- [SOURCE MATERIAL]:
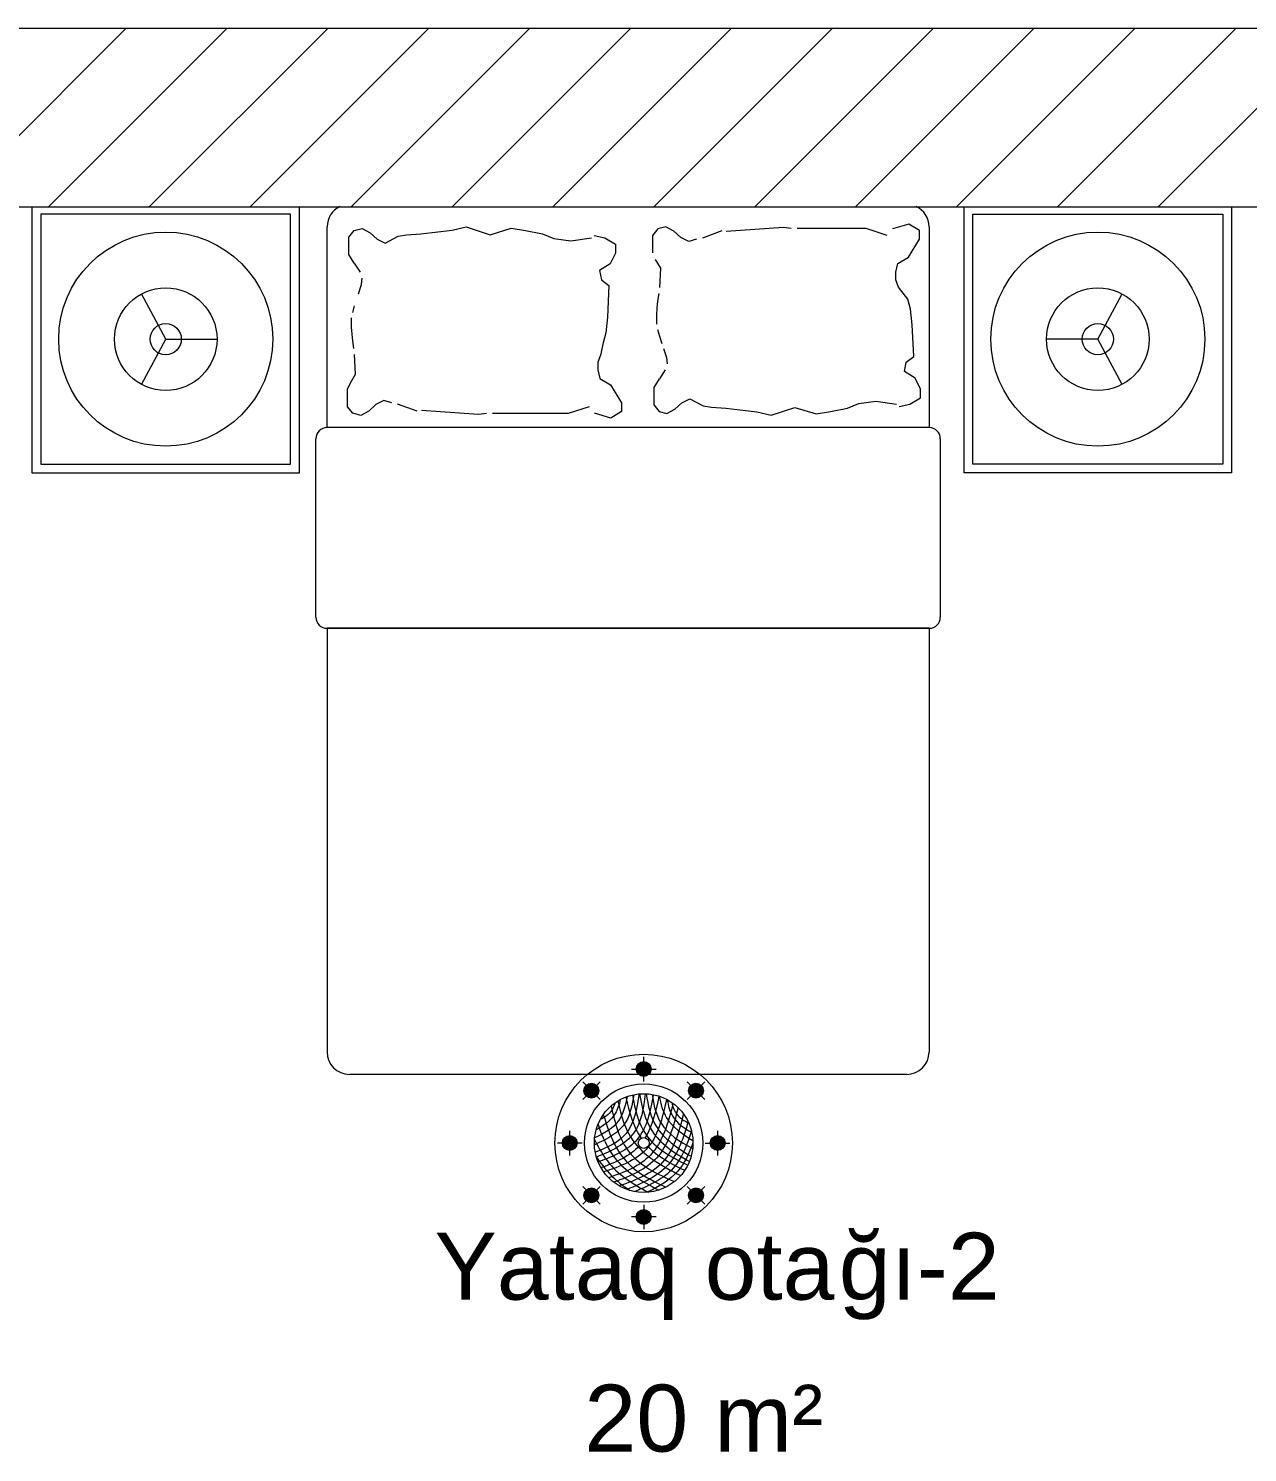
# Model space of a CAD drawing. Header units: millimetres. Extents: x 1680 to 166026, y 35966 to 91121.
# Drawn here: x 126193 to 128927, y 63253 to 66445 of the extents above; entities that cross this region are included whole.
import ezdxf

# ---------------------------------------------------------------- set-up
doc = ezdxf.new("R2010")
doc.units = ezdxf.units.MM
doc.styles.add('Arial', font='arial.ttf', dxfattribs={"height": 150})

# ---------------------------------------------------------------- blocks, each defined once
blk = doc.blocks.new('plan')
at = {"color": 252, "lineweight": 20, "true_color": 0x939598}
for p, q in [((503332.1, -192512.2), (495672.1, -192512.2)), ((496072.1, -192912.2), (501132.1, -192912.2)), ((497183.2, -192912.2), (497183.2, -193508.6)), ((497763.2, -192928.6), (497203.2, -192928.6)), ((497203.2, -192928.6), (497203.2, -193488.6)), ((497763.2, -193488.6), (497763.2, -192928.6)), ((497783.2, -193508.6), (497783.2, -192912.2)), ((499273.5, -193508.6), (499273.5, -192912.2)), ((499293.5, -192928.6), (499853.5, -192928.6)), ((499293.5, -193488.6), (499293.5, -192928.6)), ((499853.5, -192928.6), (499853.5, -193488.6)), ((499873.5, -192912.2), (499873.5, -193508.6)), ((497845.1, -193406.7), (497845.1, -192956.7)), ((497893.9, -192979.9), (497905.8, -192965.3)), ((497905.8, -192965.3), (497923.7, -192960.4)), ((497923.7, -192960.4), (497941.6, -192970.2)), ((498080.8, -192969.8), (498125.4, -192964.6)), ((498125.4, -192964.6), (498157.2, -192956.8)), ((498157.2, -192956.8), (498210.7, -192974.4)), ((498210.7, -192974.4), (498258.2, -192959.8)), ((498258.2, -192959.8), (498290, -192965)), ((498290, -192965), (498328.2, -192972.8)), ((498586.8, -192961.4), (498574.9, -192976)), ((498604.7, -192956.5), (498586.8, -192961.4)), ((498622.5, -192966.3), (498604.7, -192956.5)), ((498730.5, -192965.6), (498687, -192982)), ((498868.3, -192958.5), (498740.1, -192967.1)), ((498885.9, -192960.9), (498868.3, -192958.5)), ((499053.9, -192960.5), (498899.5, -192960.9)), ((499101.4, -192975.9), (499053.9, -192960.5)), ((499149.8, -192950.5), (499113.3, -192961.2)), ((499173.7, -192965.1), (499149.8, -192950.5)), ((499173.7, -192984.6), (499173.7, -192965.1)), ((499195.1, -192956.7), (499195.1, -193406.7)), ((497893.9, -193018.9), (497893.9, -192979.9)), ((497941.6, -192970.2), (497957.1, -192984.7)), ((497957.1, -192984.7), (497975, -192993.4)), ((497975, -192993.4), (498004.4, -192977.7)), ((498004.4, -192977.7), (498023.5, -192975)), ((498023.5, -192975), (498055.3, -192972.4)), ((498055.3, -192972.4), (498080.8, -192969.8)), ((498328.2, -192972.8), (498353.7, -192983.3)), ((498353.7, -192983.3), (498391.9, -192988.5)), ((498391.9, -192988.5), (498438.3, -192981.3)), ((498444.3, -192976.5), (498468.1, -192981.3)), ((498468.1, -192981.3), (498491.9, -192996)), ((498491.9, -192996), (498491.9, -193015.5)), ((498574.9, -192976), (498574.9, -193015)), ((498638.1, -192980.8), (498622.5, -192966.3)), ((498656, -192989.5), (498638.1, -192980.8)), ((498673.8, -192984.6), (498656, -192989.5)), ((499149, -193024.7), (499173.7, -192984.6)), ((497905.8, -193038.4), (497893.9, -193018.9)), ((498491.9, -193015.5), (498480, -193039.9)), ((499125.2, -193039.3), (499149, -193024.7)), ((497919.8, -193058.8), (497906.5, -193038.1)), ((498480, -193039.9), (498456.2, -193054.5)), ((498456.2, -193054.5), (498460.3, -193075.7)), ((498580.8, -193029.7), (498592.8, -193049.2)), ((498592.8, -193049.2), (498590.2, -193093.2)), ((499120.5, -193058.3), (499125.2, -193039.3)), ((499120.5, -193075.9), (499120.5, -193058.3)), ((497915.8, -193106.7), (497922.5, -193086)), ((497922.5, -193086), (497923.8, -193071.8)), ((498460.3, -193075.7), (498476.9, -193088.5)), ((498476.9, -193088.5), (498473.7, -193159.4)), ((499126.4, -193091.8), (499120.5, -193075.9)), ((499147.6, -193119), (499126.4, -193091.8)), ((497483.2, -193208.6), (497428.8, -193107.3)), ((498586.2, -193123.7), (498584.8, -193138.9)), ((498588.8, -193106.2), (498586.2, -193123.7)), ((499153.5, -193141.4), (499147.6, -193119)), ((499573.5, -193208.6), (499627.9, -193107.3)), ((497902.5, -193149.2), (497906.5, -193133.9)), ((498584.8, -193138.9), (498583.5, -193154.2)), ((498583.5, -193154.2), (498583.5, -193174.8)), ((499157.4, -193176.6), (499153.5, -193141.4)), ((497899.8, -193181.9), (497899.8, -193161.2)), ((497901.2, -193197.1), (497899.8, -193181.9)), ((498473.7, -193159.4), (498469.8, -193194.6)), ((498586.2, -193186.8), (498590.2, -193202.1)), ((499160.6, -193247.5), (499157.4, -193176.6)), ((497428.8, -193309.9), (497483.2, -193208.6)), ((497483.2, -193208.6), (497598.2, -193208.6)), ((497902.5, -193212.4), (497901.2, -193197.1)), ((497905.2, -193229.8), (497902.5, -193212.4)), ((498464, -193217), (498458.1, -193244.2)), ((498469.8, -193194.6), (498464, -193217)), ((498590.2, -193202.1), (498595.5, -193218.4)), ((499573.5, -193208.6), (499458.5, -193208.6)), ((499627.9, -193309.9), (499573.5, -193208.6)), ((497909.1, -193286.8), (497906.5, -193242.9)), ((498458.1, -193244.2), (498452.3, -193260.2)), ((498599.5, -193229.3), (498606.1, -193250)), ((498606.1, -193250), (498607.4, -193264.2)), ((499143.9, -193260.3), (499160.6, -193247.5)), ((498452.3, -193260.2), (498452.3, -193277.7)), ((498452.3, -193277.7), (498456.9, -193296.7)), ((498603.4, -193277.2), (498590.2, -193297.9)), ((499139.8, -193281.5), (499143.9, -193260.3)), ((499163.7, -193296.1), (499139.8, -193281.5)), ((497891.2, -193321), (497897.2, -193306.3)), ((497897.2, -193306.3), (497909.1, -193286.8)), ((498456.9, -193296.7), (498480.8, -193311.3)), ((498480.8, -193311.3), (498505.4, -193351.4)), ((498589.5, -193297.6), (498577.6, -193317.1)), ((499175.6, -193320.5), (499163.7, -193296.1)), ((497891.2, -193360), (497891.2, -193321)), ((497972.3, -193346.5), (497954.4, -193355.2)), ((497990.2, -193351.4), (497972.3, -193346.5)), ((498577.6, -193317.1), (498577.6, -193356.1)), ((498640.8, -193351.3), (498658.6, -193342.6)), ((498658.6, -193342.6), (498688.1, -193358.4)), ((499037.4, -193352.7), (499075.6, -193347.5)), ((499075.6, -193347.5), (499122, -193354.7)), ((499151.8, -193354.7), (499175.6, -193340)), ((499175.6, -193340), (499175.6, -193320.5)), ((497903.1, -193374.6), (497891.2, -193360)), ((497921, -193379.5), (497903.1, -193374.6)), ((497938.9, -193369.7), (497921, -193379.5)), ((497954.4, -193355.2), (497938.9, -193369.7)), ((498046.8, -193370.4), (498003.3, -193354)), ((498184.6, -193377.5), (498056.5, -193368.9)), ((498202.2, -193375.1), (498184.6, -193377.5)), ((498385.6, -193375.5), (498215.9, -193375.1)), ((498433.1, -193360.1), (498385.6, -193375.5)), ((498481.6, -193385.5), (498445, -193374.8)), ((498505.4, -193370.9), (498481.6, -193385.5)), ((498505.4, -193351.4), (498505.4, -193370.9)), ((498577.6, -193356.1), (498589.5, -193370.7)), ((498589.5, -193370.7), (498607.3, -193375.6)), ((498607.3, -193375.6), (498625.2, -193365.9)), ((498625.2, -193365.9), (498640.8, -193351.3)), ((498688.1, -193358.4), (498707.2, -193361)), ((498707.2, -193361), (498739, -193363.6)), ((498739, -193363.6), (498764.5, -193366.2)), ((498764.5, -193366.2), (498809, -193371.4)), ((498809, -193371.4), (498840.9, -193379.2)), ((498840.9, -193379.2), (498894.3, -193361.6)), ((498894.3, -193361.6), (498941.9, -193376.2)), ((498941.9, -193376.2), (498973.7, -193371)), ((498973.7, -193371), (499011.9, -193363.2)), ((499011.9, -193363.2), (499037.4, -193352.7)), ((499127.9, -193359.6), (499151.8, -193354.7)), ((499195.1, -193406.7), (497845.1, -193406.7)), ((497820.1, -193831.7), (497820.1, -193431.7)), ((499220.1, -193431.7), (499220.1, -193831.7)), ((497203.2, -193488.6), (497763.2, -193488.6)), ((499853.5, -193488.6), (499293.5, -193488.6)), ((497183.2, -193508.6), (497783.2, -193508.6)), ((499873.5, -193508.6), (499273.5, -193508.6)), ((497845.1, -193856.7), (499195.1, -193856.7)), ((499195.1, -193856.7), (497845.1, -193856.7)), ((497845.1, -193856.7), (497845.1, -194806.7)), ((499195.1, -193856.7), (499195.1, -194806.7)), ((499145.1, -194856.7), (497895.1, -194856.7))]:
    blk.add_line(p, q, dxfattribs=at)
at = {"color": 252, "linetype": 'Continuous', "lineweight": 20, "true_color": 0x939598}
for p, q in [((496993.8, -192912.2), (497393.8, -192512.2)), ((497220.1, -192912.2), (497620.1, -192512.2)), ((497446.4, -192912.2), (497846.4, -192512.2)), ((497672.7, -192912.2), (498072.7, -192512.2)), ((497898.9, -192912.2), (498298.9, -192512.2)), ((498125.2, -192912.2), (498525.2, -192512.2)), ((498351.5, -192912.2), (498751.5, -192512.2)), ((498577.8, -192912.2), (498977.8, -192512.2)), ((498804, -192912.2), (499204, -192512.2)), ((499030.3, -192912.2), (499430.3, -192512.2)), ((499256.6, -192912.2), (499656.6, -192512.2)), ((499482.9, -192912.2), (499882.9, -192512.2)), ((499709.1, -192912.2), (500109.1, -192512.2))]:
    blk.add_line(p, q, dxfattribs=at)
at = {"color": 252, "lineweight": 20, "true_color": 0x939598}
for centre, radius in [((497483.2, -193208.6), 240), ((499573.5, -193208.6), 240), ((497483.2, -193208.6), 115), ((499573.5, -193208.6), 115), ((497483.2, -193208.6), 35), ((499573.5, -193208.6), 35)]:
    blk.add_circle(centre, radius, dxfattribs=at)
for centre, radius, start, end in [((497895.1, -192956.7), 50, 115.0337, 180), ((499145.1, -192956.7), 50, 0, 64.9663), ((497845.1, -193431.7), 25, 90, 180), ((499195.1, -193431.7), 25, 0, 90), ((497845.1, -193831.7), 25, 180, 270), ((499195.1, -193831.7), 25, 270, 0), ((497895.1, -194806.7), 50, 180, 270), ((499145.1, -194806.7), 50, 270, 0)]:
    blk.add_arc(centre, radius, start, end, dxfattribs=at)
at = {"color": 252, "lineweight": 20, "true_color": 0x939598, "style": 'Arial'}
for s, p in [('Yataq ota', (498085.9, -195361.7)), ('ğ', (498992.6, -195361.7)), ('ı-2', (499109.1, -195361.7)), ('20 m', (498421.9, -195702.3)), ('²', (498887.8, -195702.3))]:
    blk.add_text(s, height=150, dxfattribs=at).set_placement(p)
blk = doc.blocks.new('sdf')
at = {"lineweight": 13}
h = blk.add_hatch(color=152, dxfattribs=at)
h.set_gradient(color1=(39, 118, 187), one_color=1, tint=1, name='SPHERICAL')
edge = h.paths.add_edge_path()
edge.add_arc((174603.8, -96220), 30, 0, 360)
h = blk.add_hatch(color=152, dxfattribs=at)
h.set_gradient(color1=(39, 118, 187), one_color=1, tint=1, name='SPHERICAL')
edge = h.paths.add_edge_path()
edge.add_arc((174391.6, -96307.8), 30, 0, 360)
h = blk.add_hatch(color=152, dxfattribs=at)
h.set_gradient(color1=(39, 118, 187), one_color=1, tint=1, name='SPHERICAL')
edge = h.paths.add_edge_path()
edge.add_arc((174815.9, -96307.8), 30, 0, 360)
h = blk.add_hatch(color=152, dxfattribs=at)
h.set_gradient(color1=(39, 118, 187), one_color=1, tint=1, name='SPHERICAL')
edge = h.paths.add_edge_path()
edge.add_arc((174303.8, -96520), 30, 0, 360)
h = blk.add_hatch(color=152, dxfattribs=at)
h.set_gradient(color1=(39, 118, 187), one_color=1, tint=1, name='SPHERICAL')
edge = h.paths.add_edge_path()
edge.add_arc((174903.8, -96520), 30, 0, 360)
h = blk.add_hatch(color=152, dxfattribs=at)
h.set_gradient(color1=(39, 118, 187), one_color=1, tint=1, name='SPHERICAL')
edge = h.paths.add_edge_path()
edge.add_arc((174391.6, -96732.1), 30, 0, 360)
h = blk.add_hatch(color=152, dxfattribs=at)
h.set_gradient(color1=(39, 118, 187), one_color=1, tint=1, name='SPHERICAL')
edge = h.paths.add_edge_path()
edge.add_arc((174815.9, -96732.1), 30, 0, 360)
h = blk.add_hatch(color=152, dxfattribs=at)
h.set_gradient(color1=(39, 118, 187), one_color=1, tint=1, name='SPHERICAL')
edge = h.paths.add_edge_path()
edge.add_arc((174603.8, -96820), 30, 0, 360)
at = {"color": 35, "lineweight": 13}
for p, q in [((174603.8, -96270), (174603.8, -96170)), ((174553.8, -96220), (174653.8, -96220)), ((174427, -96343.2), (174356.3, -96272.5)), ((174356.3, -96343.2), (174427, -96272.5)), ((174780.6, -96343.2), (174851.3, -96272.5)), ((174780.6, -96272.5), (174851.3, -96343.2)), ((174303.8, -96570), (174303.8, -96470)), ((174903.8, -96470), (174903.8, -96570)), ((174353.8, -96520), (174253.8, -96520)), ((174853.8, -96520), (174953.8, -96520)), ((174427, -96696.8), (174356.3, -96767.5)), ((174427, -96767.5), (174356.3, -96696.8)), ((174780.6, -96696.8), (174851.3, -96767.5)), ((174851.3, -96696.8), (174780.6, -96767.5)), ((174603.8, -96770), (174603.8, -96870)), ((174653.8, -96820), (174553.8, -96820))]:
    blk.add_line(p, q, dxfattribs=at)
for centre, radius in [((174603.8, -96520), 360), ((174603.8, -96220), 30), ((174391.6, -96307.8), 30), ((174603.8, -96520), 240), ((174815.9, -96307.8), 30), ((174603.8, -96520), 200), ((174303.8, -96520), 30), ((174603.8, -96520), 21.9), ((174903.8, -96520), 30), ((174391.6, -96732.1), 30), ((174815.9, -96732.1), 30), ((174603.8, -96820), 30)]:
    blk.add_circle(centre, radius, dxfattribs=at)
for points, knots in [([(174563.4, -96324.1), (174557.4, -96364.5), (174539.1, -96458.1), (174457.2, -96504.5), (174403.9, -96527.3)], [48.010129, 48.010129, 48.010129, 48.010129, 338.466915, 741.528119, 741.528119, 741.528119, 741.528119]), ([(174536.5, -96331.6), (174529.8, -96368.1), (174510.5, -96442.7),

- [HOW TO COMPLETE THIS TASK]: Scan the records above for the word "height" and return every line where it occurs.

- [RESPONSE]:
doc.styles.add('Arial', font='arial.ttf', dxfattribs={"height": 150})
    blk.add_text(s, height=150, dxfattribs=at).set_placement(p)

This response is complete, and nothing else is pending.